Holkham Hall
Dit artikel staat op een nalooplijst. Als de inhoud op verifieerbaarheid gecontroleerd is, kan dit sjabloon verwijderd worden. Geef dat ook aan op de betreffende nalooplijst. Bekijk ook de bewerkingsgeschiedenis om te zien of anderen hier al aan gewerkt hebben. |
Holkham Hall is een buitenhuis in Holkham, dat aan de noordkust van Norfolk ligt. Het werd gebouwd voor Thomas Coke, 1ste graaf van Leicester (1697-1759), door de bekende architect William Kent, die werd bijgestaan door Richard Boyle. De bouwstijl is een voorbeeld van het palladianisme.
In 1609 kocht Edward Coke een groot stuk grond. Het landgoed heette toen nog Neals. Edward Coke legde de basis voor het familiefortuin. De familie Coke had de titel Earl of Leicester of Holkham.
Park
Al voordat er gebouwd werd, was begonnen met de aanleg van het park. Duizenden bomen werden geplant om weerstand te bieden aan de gure winden.
Op het hoogste punt werd al in 1730 een obelisk geplaatst. Een tweede obelisk werd later geplaatst ter herinnering aan Thomas Coke. Het steekt uit boven het dak van het huis (zie foto).

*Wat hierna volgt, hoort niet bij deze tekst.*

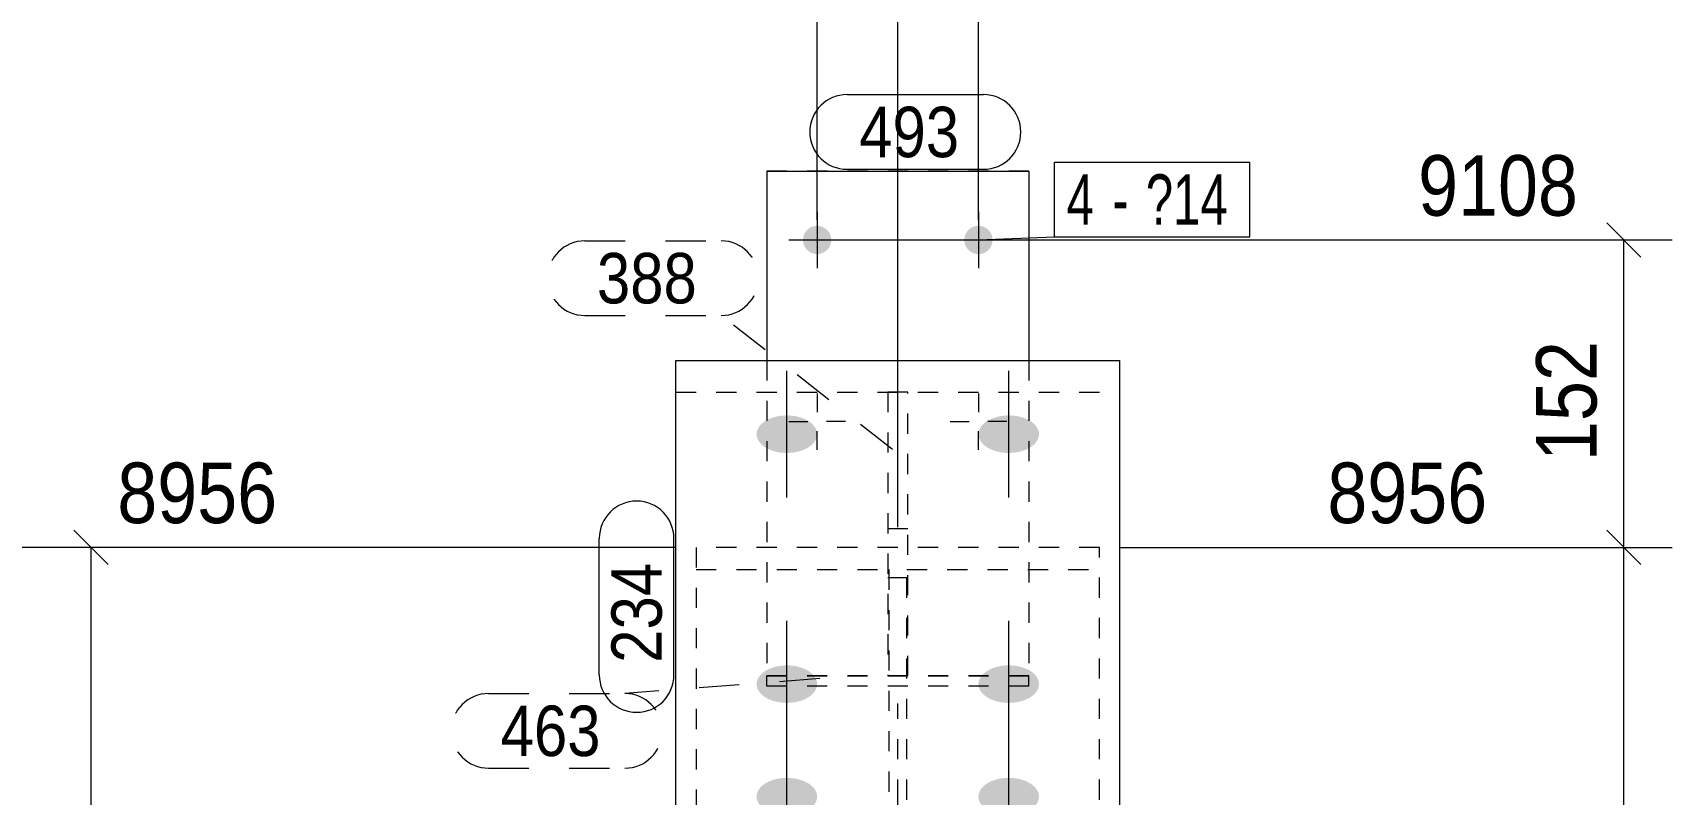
# Model space of a CAD drawing. Header units: millimetres. Extents: x 2 to 579, y 1 to 825.
# Drawn here: x 49.7 to 131, y 675.9 to 713.6 of the extents above; entities that cross this region are included whole.
import ezdxf

# ---------------------------------------------------------------- set-up
doc = ezdxf.new("R2010")
doc.units = ezdxf.units.MM
for name, pattern in [('XKITLINE00', [0]), ('XKITLINE01', [4, 1, -1, 1, -1]), ('XKITLINE02', [4, 2, -2]), ('XKITLINE03', [6, 3, -1, 1, -1])]:
    doc.linetypes.add(name, pattern=pattern)
for name, color, linetype, lineweight in [('Bolt', 3, 'Continuous', 0), ('BoltMark', 7, 'Continuous', 0), ('Dimensions', 7, 'Continuous', 0), ('Part', 2, 'Continuous', 0), ('PartMark', 7, 'Continuous', 0)]:
    doc.layers.add(name, color=color, linetype=linetype, lineweight=lineweight)
doc.styles.add('ARIAL', font='ARIAL.TTF')
doc.styles.add('ARIAL_NARROW', font='ARIALN.TTF')

# ---------------------------------------------------------------- blocks, each defined once
blk = doc.blocks.new('*A29')
at = {"layer": 'Bolt'}
for points in [[(87.02, 692.837), (86.984, 692.838), (86.947, 692.839), (86.91, 692.841), (86.874, 692.844), (86.837, 692.847), (86.801, 692.85), (86.765, 692.854), (86.729, 692.859), (86.693, 692.864), (86.657, 692.87), (86.622, 692.877), (86.587, 692.883), (86.552, 692.891), (86.517, 692.899), (86.483, 692.907), (86.449, 692.916), (86.416, 692.926), (86.383, 692.936), (86.35, 692.946), (86.318, 692.957), (86.286, 692.969), (86.255, 692.981), (86.224, 692.993), (86.193, 693.006), (86.164, 693.019), (86.134, 693.033), (86.106, 693.047), (86.077, 693.062), (86.05, 693.077), (86.023, 693.093), (85.997, 693.109), (85.971, 693.125), (85.946, 693.142), (85.921, 693.159), (85.898, 693.176), (85.875, 693.194), (85.852, 693.212), (85.831, 693.231), (85.81, 693.249), (85.79, 693.268), (85.771, 693.288), (85.752, 693.308), (85.734, 693.327), (85.717, 693.348), (85.701, 693.368), (85.686, 693.389), (85.671, 693.41), (85.658, 693.431), (85.645, 693.452), (85.633, 693.474), (85.622, 693.496), (85.612, 693.518), (85.602, 693.54), (85.594, 693.562), (85.586, 693.584), (85.579, 693.606), (85.573, 693.629), (85.568, 693.652), (85.564, 693.674), (85.561, 693.697), (85.559, 693.72), (85.558, 693.742), (85.557, 693.765), (85.558, 693.788), (85.559, 693.811), (85.561, 693.834), (85.564, 693.856), (85.568, 693.879), (85.573, 693.902), (85.579, 693.924), (85.586, 693.946), (85.594, 693.969), (85.602, 693.991), (85.612, 694.013), (85.622, 694.035), (85.633, 694.057), (85.645, 694.078), (85.658, 694.099), (85.671, 694.121), (85.686, 694.142), (85.701, 694.162), (85.717, 694.183), (85.734, 694.203), (85.752, 694.223), (85.771, 694.243), (85.79, 694.262), (85.81, 694.281), (85.831, 694.3), (85.852, 694.318), (85.875, 694.337), (85.898, 694.354), (85.921, 694.372), (85.946, 694.389), (85.971, 694.406), (85.997, 694.422), (86.023, 694.438), (86.05, 694.453), (86.077, 694.468), (86.106, 694.483), (86.134, 694.497), (86.164, 694.511), (86.193, 694.524), (86.224, 694.537), (86.255, 694.55), (86.286, 694.562), (86.318, 694.573), (86.35, 694.584), (86.383, 694.595), (86.416, 694.605), (86.449, 694.614), (86.483, 694.623), (86.517, 694.632), (86.552, 694.64), (86.587, 694.647), (86.622, 694.654), (86.657, 694.66), (86.693, 694.666), (86.729, 694.671), (86.765, 694.676), (86.801, 694.68), (86.837, 694.684), (86.874, 694.687), (86.91, 694.689), (86.947, 694.691), (86.984, 694.693), (87.02, 694.694), (87.057, 694.694), (87.094, 694.694), (87.131, 694.693), (87.168, 694.691), (87.204, 694.689), (87.241, 694.687), (87.277, 694.684), (87.314, 694.68), (87.35, 694.676), (87.386, 694.671), (87.422, 694.666), (87.457, 694.66), (87.493, 694.654), (87.528, 694.647), (87.563, 694.64), (87.597, 694.632), (87.631, 694.623), (87.665, 694.614), (87.699, 694.605), (87.732, 694.595), (87.764, 694.584), (87.797, 694.573), (87.828, 694.562), (87.86, 694.55), (87.891, 694.537), (87.921, 694.524), (87.951, 694.511), (87.98, 694.497), (88.009, 694.483), (88.037, 694.468), (88.065, 694.453), (88.091, 694.438), (88.118, 694.422), (88.144, 694.406), (88.169, 694.389), (88.193, 694.372), (88.217, 694.354), (88.24, 694.337), (88.262, 694.318), (88.284, 694.3), (88.304, 694.281), (88.324, 694.262), (88.344, 694.243), (88.362, 694.223), (88.38, 694.203), (88.397, 694.183), (88.413, 694.162), (88.428, 694.142), (88.443, 694.121), (88.457, 694.099), (88.469, 694.078), (88.481, 694.057), (88.493, 694.035), (88.503, 694.013), (88.512, 693.991), (88.521, 693.969), (88.528, 693.946), (88.535, 693.924), (88.541, 693.902), (88.546, 693.879), (88.55, 693.856), (88.553, 693.834), (88.555, 693.811), (88.557, 693.788), (88.557, 693.765), (88.557, 693.742), (88.555, 693.72), (88.553, 693.697), (88.55, 693.674), (88.546, 693.652), (88.541, 693.629), (88.535, 693.606), (88.528, 693.584), (88.521, 693.562), (88.512, 693.54), (88.503, 693.518), (88.493, 693.496), (88.481, 693.474), (88.469, 693.452), (88.457, 693.431), (88.443, 693.41), (88.428, 693.389), (88.413, 693.368), (88.397, 693.348), (88.38, 693.327), (88.362, 693.308), (88.344, 693.288), (88.324, 693.268), (88.304, 693.249), (88.284, 693.231), (88.262, 693.212), (88.24, 693.194), (88.217, 693.176), (88.193, 693.159), (88.169, 693.142), (88.144, 693.125), (88.118, 693.109), (88.091, 693.093), (88.065, 693.077), (88.037, 693.062), (88.009, 693.047), (87.98, 693.033), (87.951, 693.019), (87.921, 693.006), (87.891, 692.993), (87.86, 692.981), (87.828, 692.969), (87.797, 692.957), (87.764, 692.946), (87.732, 692.936), (87.699, 692.926), (87.665, 692.916), (87.631, 692.907), (87.597, 692.899), (87.563, 692.891), (87.528, 692.883), (87.493, 692.877), (87.457, 692.87), (87.422, 692.864), (87.386, 692.859), (87.35, 692.854), (87.314, 692.85), (87.277, 692.847), (87.241, 692.844), (87.204, 692.841), (87.168, 692.839), (87.131, 692.838), (87.094, 692.837), (87.057, 692.837)], [(98.02, 692.837), (97.984, 692.838), (97.947, 692.839), (97.91, 692.841), (97.874, 692.844), (97.837, 692.847), (97.801, 692.85), (97.765, 692.854), (97.729, 692.859), (97.693, 692.864), (97.657, 692.87), (97.622, 692.877), (97.587, 692.883), (97.552, 692.891), (97.517, 692.899), (97.483, 692.907), (97.449, 692.916), (97.416, 692.926), (97.383, 692.936), (97.35, 692.946), (97.318, 692.957), (97.286, 692.969), (97.255, 692.981), (97.224, 692.993), (97.193, 693.006), (97.164, 693.019), (97.134, 693.033), (97.106, 693.047), (97.077, 693.062), (97.05, 693.077), (97.023, 693.093), (96.997, 693.109), (96.971, 693.125), (96.946, 693.142), (96.921, 693.159), (96.898, 693.176), (96.875, 693.194), (96.852, 693.212), (96.831, 693.231), (96.81, 693.249), (96.79, 693.268), (96.771, 693.288), (96.752, 693.308), (96.734, 693.327), (96.717, 693.348), (96.701, 693.368), (96.686, 693.389), (96.671, 693.41), (96.658, 693.431), (96.645, 693.452), (96.633, 693.474), (96.622, 693.496), (96.612, 693.518), (96.602, 693.54), (96.594, 693.562), (96.586, 693.584), (96.579, 693.606), (96.573, 693.629), (96.568, 693.652), (96.564, 693.674), (96.561, 693.697), (96.559, 693.72), (96.558, 693.742), (96.557, 693.765), (96.558, 693.788), (96.559, 693.811), (96.561, 693.834), (96.564, 693.856), (96.568, 693.879), (96.573, 693.902), (96.579, 693.924), (96.586, 693.946), (96.594, 693.969), (96.602, 693.991), (96.612, 694.013), (96.622, 694.035), (96.633, 694.057), (96.645, 694.078), (96.658, 694.099), (96.671, 694.121), (96.686, 694.142), (96.701, 694.162), (96.717, 694.183), (96.734, 694.203), (96.752, 694.223), (96.771, 694.243), (96.79, 694.262), (96.81, 694.281), (96.831, 694.3), (96.852, 694.318), (96.875, 694.337), (96.898, 694.354), (96.921, 694.372), (96.946, 694.389), (96.971, 694.406), (96.997, 694.422), (97.023, 694.438), (97.05, 694.453), (97.077, 694.468), (97.106, 694.483), (97.134, 694.497), (97.164, 694.511), (97.193, 694.524), (97.224, 694.537), (97.255, 694.55), (97.286, 694.562), (97.318, 694.573), (97.35, 694.584), (97.383, 694.595), (97.416, 694.605), (97.449, 694.614), (97.483, 694.623), (97.517, 694.632), (97.552, 694.64), (97.587, 694.647), (97.622, 694.654), (97.657, 694.66), (97.693, 694.666), (97.729, 694.671), (97.765, 694.676), (97.801, 694.68), (97.837, 694.684), (97.874, 694.687), (97.91, 694.689), (97.947, 694.691), (97.984, 694.693), (98.02, 694.694), (98.057, 694.694), (98.094, 694.694), (98.131, 694.693), (98.168, 694.691), (98.204, 694.689), (98.241, 694.687), (98.277, 694.684), (98.314, 694.68), (98.35, 694.676), (98.386, 694.671), (98.422, 694.666), (98.457, 694.66), (98.493, 694.654), (98.528, 694.647), (98.563, 694.64), (98.597, 694.632), (98.631, 694.623), (98.665, 694.614), (98.699, 694.605), (98.732, 694.595), (98.764, 694.584), (98.797, 694.573), (98.828, 694.562), (98.86, 694.55), (98.891, 694.537), (98.921, 694.524), (98.951, 694.511), (98.98, 694.497), (99.009, 694.483), (99.037, 694.468), (99.065, 694.453), (99.091, 694.438), (99.118, 694.422), (99.144, 694.406), (99.169, 694.389), (99.193, 694.372), (99.217, 694.354), (99.24, 694.337), (99.262, 694.318), (99.284, 694.3), (99.304, 694.281), (99.324, 694.262), (99.344, 694.243), (99.362, 694.223), (99.38, 694.203), (99.397, 694.183), (99.413, 694.162), (99.428, 694.142), (99.443, 694.121), (99.457, 694.099), (99.469, 694.078), (99.481, 694.057), (99.493, 694.035), (99.503, 694.013), (99.512, 693.991), (99.521, 693.969), (99.528, 693.946), (99.535, 693.924), (99.541, 693.902), (99.546, 693.879), (99.55, 693.856), (99.553, 693.834), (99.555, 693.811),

Samuel Wyatt was de tuinarchitect die ten westen van het huis een ommuurde tuin van 2,6 hectare aanlegde tegen het einde van de 18e eeuw. Een Venetiaans hek werd in 1908 aangebracht, verder zijn er een paar victoriaanse kassen.
Huis
De basis van het huis is een rechthoek. De ingang is aan de zuidkant en wordt via een trap bereikt, daarachter is de marmeren hal, die in feite is gemaakt van roze Derbyshire albast. Hier is een kopie van het plafond van het Pantheon in Rome, met een totale hoogte van 17 meter. Vandaar komt men met een trap op de hoofdverdieping.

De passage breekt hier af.